It's weird to think about cheap folding lawn chairs in the left-over spaces where Broadway used to cross 7th Avenue (which remains open, by the way.) Supposedly, the city takes up the chairs every night and redistributes them every morning. Is this any way to run a national urban landmark?
But there's something important about the New Times Square makeover by the Planning Department of New York City. If nothing else, it's the first U.S. project (ad hoc though it be) in my memory whose momentum is decidedly anti-car. Nicholai Ouroussoff reviews the "design" in this article. Nick O (as I will dare to call him) is right on the money about the unplanned nature of the action (as he says, "this is not the Piazza San Marco in Venice or even Trafalgar Square", but I think it is so important to expose people (even if they are unwitting tourists!) to the idea that the U.S. can have a "public realm" that isn't driven (sorry!) by traffic engineering.

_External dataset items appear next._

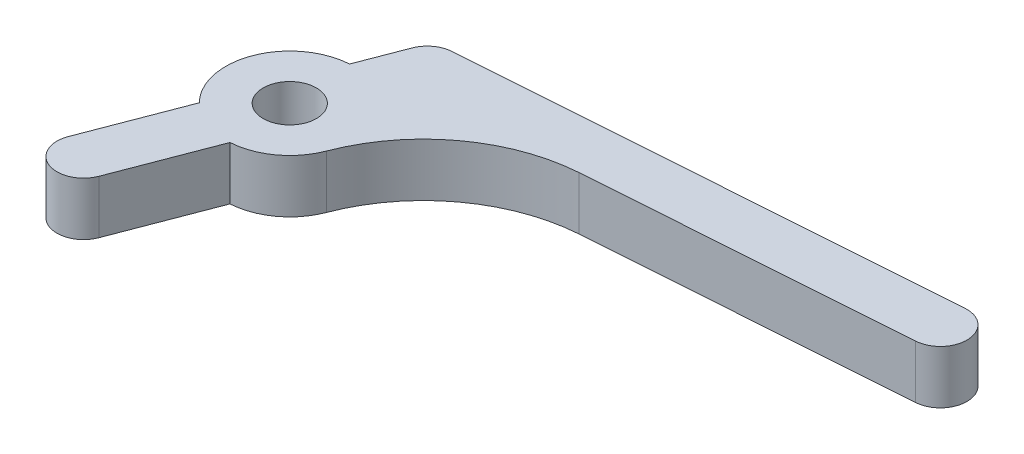
SolidWorks part; units mm, degrees
ref_plane "Front Plane" through (0, 0, 0) normal (0, 0, 1) x (1, 0, 0)
ref_plane "Top Plane" through (0, 0, 0) normal (0, 1, 0) x (1, 0, 0)
ref_plane "Right Plane" through (0, 0, 0) normal (1, 0, 0) x (0, 0, -1)
sketch "Sketch1" plane through (0, 0, 0) normal (0, 1, 0) x (1, 0, 0)
  line L0 (0, 0) -> (-6.8061, -17.7927) construction
  line L1 (2.9654, -1.1343) -> (-3.8406, -18.927)
  line L2 (-2.9654, 1.1343) -> (-9.7715, -16.6583)
  line L3 (0, 0) -> (4.5374, 11.8618) construction
  line L4 (-2.9654, 1.1343) -> (1.5719, 12.9961)
  line L5 (2.9654, -1.1343) -> (7.5028, 10.7274)
  line L6 (4.5374, 11.8618) -> (61.6874, 15.9254) construction
  line L7 (4.3122, 15.0288) -> (61.4622, 19.0924)
  line L8 (4.7626, 8.6948) -> (61.9126, 12.7584)
  line L9 (7.1328, -2.7285) -> (0, 0) construction
  circle A0 centre (0, 0) radius 2.7781 construction
  arc A1 (2.9654, -1.1343) -> (-2.9654, 1.1343) centre (0, 0) ccw
  arc A2 (-9.7715, -16.6583) -> (-3.8406, -18.927) centre (-6.8061, -17.7927) ccw
  arc A3 (-2.9654, 1.1343) -> (2.9654, -1.1343) centre (0, 0) ccw
  arc A4 (7.5028, 10.7274) -> (1.5719, 12.9961) centre (4.5374, 11.8618) ccw
  arc A5 (4.3122, 15.0288) -> (4.7626, 8.6948) centre (4.5374, 11.8618) ccw
  arc A6 (61.9126, 12.7584) -> (61.4622, 19.0924) centre (61.6874, 15.9254) ccw
  circle A7 centre (0, 0) radius 7.6369
  arc A8 (7.1328, -2.7285) -> (24.4167, 10.0923) centre (25.837, -9.8832) cw
  point P4 (-3.403, -8.8963)
  point P11 (2.2687, 5.9309)
  point P16 (33.1124, 13.8936)
  dimension "D1" = 5.5562
  dimension "D2" = 3.175
  dimension "D3" = 12.7
  dimension "D4" = 19.05
  dimension "D5" = 115
  dimension "D6" = 57.15
extrude "Boss-Extrude1" add sketch "Sketch1" along normal blind 6.35 contours L4 A7 L2 | L5 A7 L4 A1 | L2 A7 L1 A3 | L1 A7 L5 | A7 L5 L8 A5 L4 | L8 A6 L7 A4 L5 | A7 A8 L8 L5 | A4 A5 L8 L5 | A7 L2 A2 L1 region at (4.6828, 0, 1.7913) region at (1.7526, 0, -4.5816) region at (-1.7526, 0, 4.5816) region at (-5.1782, 0, 13.5369) region at (3.039, 0, -8.2668) region at (10.8007, 0, -6.1955) region at (-4.6828, 0, -1.7913) region at (4.5802, 0, -11.8041) region at (35.6561, 0, -14.0799)
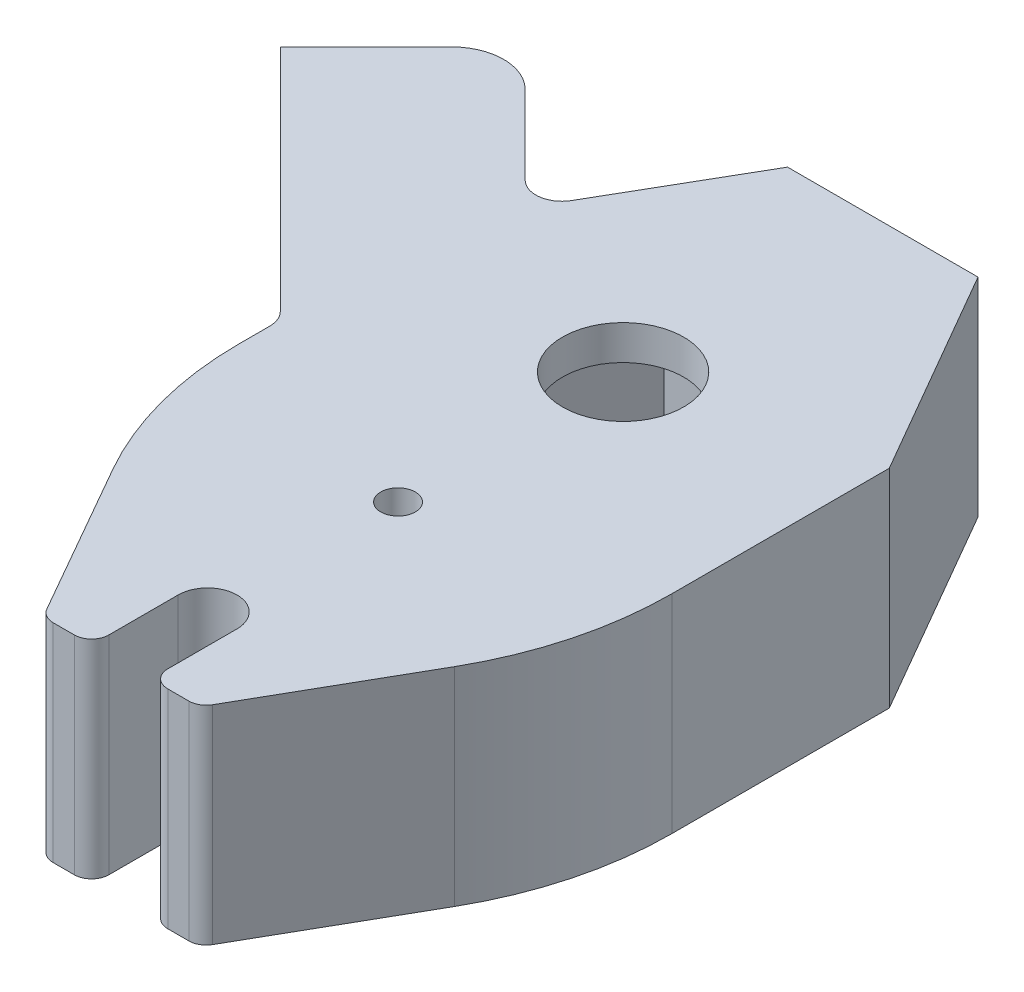
SolidWorks part; units mm, degrees
note: '?' marks a value the reader was unsure of.
ref_plane "Front Plane" through (0, 0, 0) normal (0, 0, 1) x (1, 0, 0)
ref_plane "Top Plane" through (0, 0, 0) normal (0, 1, 0) x (1, 0, 0)
ref_plane "Right Plane" through (0, 0, 0) normal (1, 0, 0) x (0, 0, -1)
ref_axis "Axis1" through (0, 14.8656, 0) along (0, -1, 0)?
sketch "Sketch1" plane through (0, 0, 0) normal (0, 1, 0) x (1, 0, 0)
  line L0 (0, 15) -> (0, -15) construction
  line L5 (-12.5, 15) -> (12.5, 15)
  line L7 (-12.5, 15) -> (-12.5, -15)
  line L10 (-12.5, -15) -> (12.5, -15)
  line L11 (12.5, 15) -> (12.5, -15)
  line L13 (3.2332, -5.6) -> (6.4663, 0)
  line L14 (6.4663, 0) -> (3.2332, 5.6)
  line L15 (3.2332, 5.6) -> (-3.2332, 5.6)
  line L16 (-3.2332, 5.6) -> (-6.4663, 0)
  line L17 (-6.4663, 0) -> (-3.2332, -5.6)
  line L18 (-3.2332, -5.6) -> (3.2332, -5.6)
  circle A0 centre (0, 0) radius 5.6 construction
  dimension "D3" = 15
  dimension "D4" = 11.2
  dimension "D1" = 25
  dimension "D2" = 30
extrude "Boss-Extrude1" add sketch "Sketch1" along normal blind 12
sketch "Sketch8" plane through (0, 0, 0) normal (0, 1, 0) x (1, 0, 0)
  line L0 (-12.5, -15) -> (12.5, -15) construction
  line L1 (-4.5, -15) -> (4.5, -15)
  line L2 (-4.5, -15) -> (-4.5, -29)
  line L3 (-4.5, -29) -> (-1.7, -29)
  line L4 (4.5, -15) -> (4.5, -29)
  line L5 (0, 0) -> (0, -30) construction
  line L6 (-1.7, -24) -> (-1.7, -29)
  line L7 (1.7, -24) -> (1.7, -29)
  line L8 (1.7, -29) -> (4.5, -29)
  arc A0 (1.7, -24) -> (-1.7, -24) centre (0, -24) ccw
  dimension "D2" = 3.4
  dimension "D1" = 24
  dimension "D3" = 5
  dimension "D4" = 9
extrude "Boss-Extrude6" add sketch "Sketch8" along normal up to surface (12 mm away) up to face at (0, 12, 0)
sketch "Sketch9" plane through (0, 12, 0) normal (0, 1, 0) x (1, 0, 0)
  line L27 (-8.1984, 0) -> (-4.0992, -7.1)
  line L28 (-4.0992, -7.1) -> (4.0992, -7.1)
  line L29 (4.0992, -7.1) -> (8.1984, 0)
  line L30 (8.1984, 0) -> (4.0992, 7.1)
  line L31 (4.0992, 7.1) -> (-4.0992, 7.1)
  line L32 (-4.0992, 7.1) -> (-8.1984, 0)
  line L33 (-8.1984, 0) -> (-4.0992, -7.1)
  line L34 (-4.0992, -7.1) -> (4.0992, -7.1)
  line L35 (4.0992, -7.1) -> (8.1984, 0)
  line L36 (8.1984, 0) -> (4.0992, 7.1)
  line L37 (4.0992, 7.1) -> (-4.0992, 7.1)
  line L38 (-4.0992, 7.1) -> (-8.1984, 0)
  circle A0 centre (0, 0) radius 9
  dimension "D2" = 18
  dimension "D1" = 1.5
extrude "Boss-Extrude7" [suppressed] add sketch "Sketch9" along normal blind 2
sketch "Sketch3" plane through (0, 12, 0) normal (0, 1, 0) x (1, 0, 0)
  line L1 (-5.25, -18.5) -> (5.25, -18.5)
  line L2 (-5.25, -18.5) -> (-5.25, -10.5)
  line L3 (-5.25, -10.5) -> (5.25, -10.5)
  line L4 (5.25, -18.5) -> (5.25, -10.5)
  line L5 (0, 0) -> (0, -30) construction
  line L6 (-5.25, -14.5) -> (5.25, -14.5) construction
  circle A0 centre (0, -14.5) radius 1
  dimension "D3" = 2
  dimension "D1" = 8
  dimension "D2" = 10.5
  dimension "D4" = 14.5
extrude "Boss-Extrude3" [suppressed] add sketch "Sketch3" along normal blind 10
sketch "Sketch5" [suppressed] plane through (5.25, 0, 0) normal (1, 0, 0) x (0, 0, -1)
  line L0 (-14.5, 20) -> (-14.5, 10) construction
  line L1 (-18.5, 20) -> (-10.5, 20) construction
  line L4 (-15, 10) -> (15, 10) construction
  circle A0 centre (-14.5, 15) radius 2
  dimension "D1" = 4
extrude "Cut-Extrude1" [suppressed] cut sketch "Sketch5" against normal blind 5
chamfer "Chamfer1" distance 7 angle 60 2 edges at (-12.5, 6, -15) (12.5, 6, -15)
sketch "Sketch6" plane through (0, 0, 0) normal (0, 1, 0) x (1, 0, 0)
  line L0 (0, 0) -> (0, -19.1236) construction
  line L1 (0, 0) -> (-9.432, 9.432) construction
  line L11 (-9.432, 9.432) -> (-19.3315, -0.4675) construction
  line L12 (-26.163, 6.364) -> (-12.5, -7.299)
  line L13 (-26.163, 6.364) -> (-19.0919, 13.435)
  line L14 (-19.0919, 13.435) -> (-11.0478, 5.3909)
  line L18 (-5.5, 15) -> (-12.5, 2.8756) construction
  line L19 (-12.5, 2.8756) -> (-12.5, -15) construction
  line L20 (-12.5, -7.299) -> (-12.5, 2.8756)
  line L21 (-12.5, 2.8756) -> (-11.0478, 5.3909)
  dimension "D1" = 45
  dimension "D3" = 23
  dimension "D4" = 10
  dimension "D5" = 14
extrude "Boss-Extrude4" add sketch "Sketch6" along normal up to surface (12 mm away) up to face at (0, 12, 13.3249)
sketch "Sketch7" plane through (-9.8995, 0, 9.8995) normal (-0.7071, 0, 0.7071) x (0.7071, 0, 0.7071)
  line L0 (-18, 12) -> (-18, 0) construction
  line L1 (-3.6777, 12) -> (-23, 12) construction
  line L2 (-3.6777, 0) -> (-23, 0) construction
  line L3 (-23, 12) -> (-23, 0) construction
  circle A0 centre (-18, 6) radius 2.8
  dimension "D1" = 5.6
  dimension "D2" = 5
extrude "Cut-Extrude2" cut sketch "Sketch7" against normal blind 12
chamfer "Chamfer2" distance 14 distance2 8 1 edges at (4.5, 6, 15)
chamfer "Chamfer3" distance 8 distance2 14 1 edges at (-4.5, 6, 15)
fillet "Fillet2" radius 20 2 edges at (-12.5, 6, 15) (12.5, 6, 15)
fillet "Fillet3" radius 1 4 edges at (1.7, 6, 29) (-1.7, 6, 29) (4.5, 6, 29) (-4.5, 6, 29)
draft "Draft1" [suppressed] type of draft neutral plane draft angle 10 faces to draft 2 parameters "D1"=10
draft "Draft2" [suppressed] type of draft neutral plane draft angle 5 faces to draft 7 parameters "D1"=5
fillet "Fillet4" radius 1.5 2 edges at (-11.0478, 6, -5.3909) (-12.5, 6, 7.299)
sketch "Sketch10" plane through (0, 12, 0) normal (0, 1, 0) x (1, 0, 0)
  circle A0 centre (0, -13) radius 1
  dimension "D2" = 2
  dimension "D1" = 13
extrude "Cut-Extrude3" cut sketch "Sketch10" against normal through all
sketch "Sketch11" plane through (0, 0, 0) normal (1, 0, 0) x (0, 0, -1)
  line L0 (-12, 12) -> (-14, 12) construction
  line L1 (-12, 12) -> (-14, 12) construction
  line L2 (-14, 0) -> (-12, 0) construction
  line L3 (-14, 0) -> (-12, 0) construction
  line L4 (-13, 12) -> (-13, 0) construction
  circle A0 centre (-13, 6) radius 2
  dimension "D1" = 4
extrude "Cut-Extrude4" cut sketch "Sketch11" against normal through all
sketch "Sketch12" plane through (0, 12, 0) normal (0, 1, 0) x (1, 0, 0)
  line L0 (3.2332, 5.6) -> (-3.2332, 5.6) construction
  line L1 (6.4663, 0) -> (3.2332, 5.6) construction
  line L2 (3.2332, -5.6) -> (6.4663, 0) construction
  line L3 (-3.2332, -5.6) -> (3.2332, -5.6) construction
  line L4 (-6.4663, 0) -> (-3.2332, -5.6) construction
  line L5 (-3.2332, 5.6) -> (-6.4663, 0) construction
  line L6 (3.2332, 5.6) -> (-3.2332, 5.6)
  line L7 (6.4663, 0) -> (3.2332, 5.6)
  line L8 (3.2332, -5.6) -> (6.4663, 0)
  line L9 (-3.2332, -5.6) -> (3.2332, -5.6)
  line L10 (-6.4663, 0) -> (-3.2332, -5.6)
  line L11 (-3.2332, 5.6) -> (-6.4663, 0)
  circle A0 centre (0, 0) radius 3.5
  dimension "D1" = 7
extrude "Boss-Extrude8" add sketch "Sketch12" against normal offset from surface (2 mm away) 10 up to face at (0, 0, 14)
sketch "Sketch13" plane through (-12.5, 0, 0) normal (1, 0, 0) x (0, 0, -1)
  circle A0 centre (-13, 6) radius 3.5
  dimension "D1" = 7
extrude "Cut-Extrude5" [suppressed] cut sketch "Sketch13" along normal blind 8
fillet "Fillet5" radius 3 1 edges at (-19.0919, 6, -13.435)

Over at the very interesting blog, World Streets (newly on my blogroll), there is a very interesting article (which promises to be a series) by Paul Barter, a professor in public policy at the National University of Singapore, about "The Battle for Street Space" that is really worth a read (as is much of the other stuff over there.) I see many people from all over the world on that blog talking about 30 kph (yes, kph) speed limits everywhere except on highways. My first reaction is to lecture these people about how this will never fly in the U.S.; the auto is forever king here. But maybe not -- Times Square is a very interesting precedent. It will be fascinating to see where it goes.